Organising teamwork can be done through the practice of exercises. J. Van Diggelen, T. Muller, and K. Van den Bosch in their book ‘Using artificial team members for team training in virtual environments’ [vii] observe that, for the conduct of exercises, gathering all the group contributors at the same time and at the same place can be a challenge. Even when this is possible, the cost can be high. In addition, team members may have different training needs in relation to their competency levels. One solution is to implement a training platform in a simulator where the roles of some of members are played by humans, while the roles of others are played by virtual agents.

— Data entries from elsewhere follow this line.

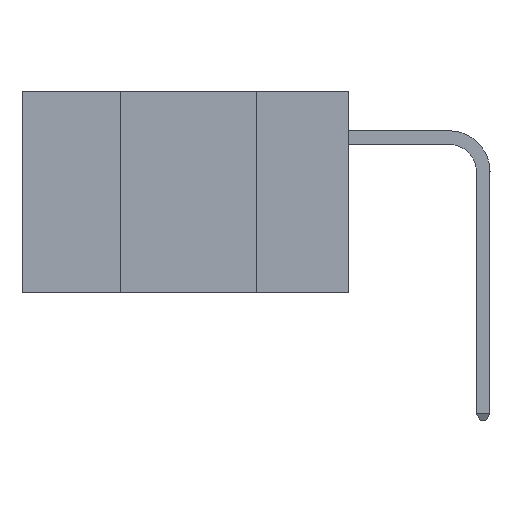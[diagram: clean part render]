
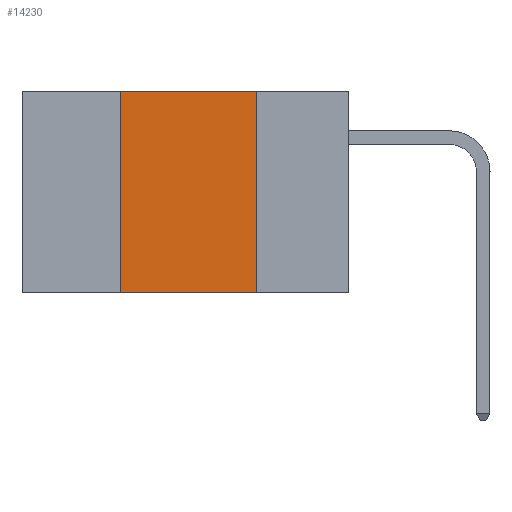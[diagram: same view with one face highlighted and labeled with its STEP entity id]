
A CAD part, left-side view. The second image highlights one B-rep face of the part: STEP entity #14230.
In plain terms, the highlighted planar face has unit normal (-1, 0, 0).
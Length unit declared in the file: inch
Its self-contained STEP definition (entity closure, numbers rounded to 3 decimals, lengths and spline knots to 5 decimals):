
#611 = EDGE_CURVE ( 'NONE', #1898, #14420, #12610, .T. ) ;
#904 = CARTESIAN_POINT ( 'NONE',  ( 0., 0.6, -0.37 ) ) ;
#1395 = ORIENTED_EDGE ( 'NONE', *, *, #14819, .F. ) ;
#1898 = VERTEX_POINT ( 'NONE', #20056 ) ;
#2083 = EDGE_CURVE ( 'NONE', #12180, #1898, #9220, .T. ) ;
#3911 = AXIS2_PLACEMENT_3D ( 'NONE', #13976, #10965, #15730 ) ;
#4332 = CARTESIAN_POINT ( 'NONE',  ( 0., 0.42, 0. ) ) ;
#4417 = LINE ( 'NONE', #11398, #4673 ) ;
#4465 = VERTEX_POINT ( 'NONE', #8347 ) ;
#4673 = VECTOR ( 'NONE', #12906, 39.37008 ) ;
#6753 = ORIENTED_EDGE ( 'NONE', *, *, #10079, .T. ) ;
#7619 = CARTESIAN_POINT ( 'NONE',  ( 0., 0.17, 0. ) ) ;
#7639 = VECTOR ( 'NONE', #12888, 39.37008 ) ;
#8331 = ORIENTED_EDGE ( 'NONE', *, *, #611, .F. ) ;
#8347 = CARTESIAN_POINT ( 'NONE',  ( 0., 0.17, -0.37 ) ) ;
#9220 = LINE ( 'NONE', #4332, #21996 ) ;
#10079 = EDGE_CURVE ( 'NONE', #12180, #4465, #16844, .T. ) ;
#10965 = DIRECTION ( 'NONE',  ( 1., 0., 0. ) ) ;
#11398 = CARTESIAN_POINT ( 'NONE',  ( 0., 0.17, 0. ) ) ;
#12180 = VERTEX_POINT ( 'NONE', #22315 ) ;
#12610 = LINE ( 'NONE', #17726, #19321 ) ;
#12888 = DIRECTION ( 'NONE',  ( 0., -1., 0. ) ) ;
#12906 = DIRECTION ( 'NONE',  ( 0., 0., -1. ) ) ;
#13976 = CARTESIAN_POINT ( 'NONE',  ( 0., 0.6, 0. ) ) ;
#14230 = ADVANCED_FACE ( 'NONE', ( #19439 ), #17697, .F. ) ;
#14420 = VERTEX_POINT ( 'NONE', #7619 ) ;
#14819 = EDGE_CURVE ( 'NONE', #14420, #4465, #4417, .T. ) ;
#15730 = DIRECTION ( 'NONE',  ( 0., 0., -1. ) ) ;
#16844 = LINE ( 'NONE', #904, #7639 ) ;
#17697 = PLANE ( 'NONE',  #3911 ) ;
#17726 = CARTESIAN_POINT ( 'NONE',  ( 0., 0.6, 0. ) ) ;
#19321 = VECTOR ( 'NONE', #21676, 39.37008 ) ;
#19439 = FACE_OUTER_BOUND ( 'NONE', #22346, .T. ) ;
#20056 = CARTESIAN_POINT ( 'NONE',  ( 0., 0.42, 0. ) ) ;
#21656 = DIRECTION ( 'NONE',  ( 0., 0., 1. ) ) ;
#21676 = DIRECTION ( 'NONE',  ( 0., -1., 0. ) ) ;
#21989 = ORIENTED_EDGE ( 'NONE', *, *, #2083, .F. ) ;
#21996 = VECTOR ( 'NONE', #21656, 39.37008 ) ;
#22315 = CARTESIAN_POINT ( 'NONE',  ( 0., 0.42, -0.37 ) ) ;
#22346 = EDGE_LOOP ( 'NONE', ( #1395, #8331, #21989, #6753 ) ) ;

According to Alavosius et al, CRM is a systemic intervention that concentrates on the reduction of human error through training and behavioural change, while using contextual resources available. “Oil field services are initiating formal CRM training and developing a competency framework to gauge the ability of well site leaders for CRM, although, rig simulators are relatively low fidelity when compared to those used in aviation.”

Summing up

In this first part, we have explored the link with the concept of high-reliability organisation (HRO), the error reduction effort pursued by CRM, and the organisation of teamwork on offshore platforms in accordance with CRM principles. In the next article we shall focus on the leadership aspects.


References

[i] Dekker, S. W., & Woods, D. W. (2009). The high reliability organization perspective. In E. Salas, & D. Maurino (Eds.), Human factors in aviation (2nd ed., pp. 123–146). New York, NY: Wiley.
[ii] Mark P. Alavosius, Ramona A. Houmanfar, Steven J. Anbro, Kenneth Burleigh & Christopher Hebein (2017) Leadership and Crew Resource Management in High-Reliability Organizations: A Competency Framework for Measuring Behaviors, Journal of Organizational Behavior Management, 37:2, 142-170, DOI: 10.1080/01608061.2017.1325825 To link to this article: https://doi.org/10.1080/01608061.2017.1325825
[iii] Crichton, M., ‘Attitudes to teamwork, leadership, and stress in oil industry drilling teams’. Safety Science 43 (2005) 679–696
[iv] Cox, S., Tait, R., 1991. Safety, Reliability and Risk Management. Butterworth Heinneman, London.
[v] IOGP. Report 501. (2014). Crew resource management for well operations teams. Project commissioned by OGP’s Safety Committee and the Well Experts Committee to the University of Aberdeen. International Association of Oil & Gas Producers.
[vi] Flin, R., & O’Connor, P. (2001). Applying crew resource management in offshore oil platforms. In E. Salas, C. A. Bowers, & E. Edens (Eds.), Improving teamwork in organizations: Applications of resource management training (pp. 217–233). Hillsdale, NJ: Erlbaum.
[vii] Van Diggelen, J., Muller, T., Van den Bosch, K., 2010. Using artificial team members for team training in virtual environments. In: Intelligent Virtual Agents. Springer, Berlin, Heidelberg, pp. 28–34.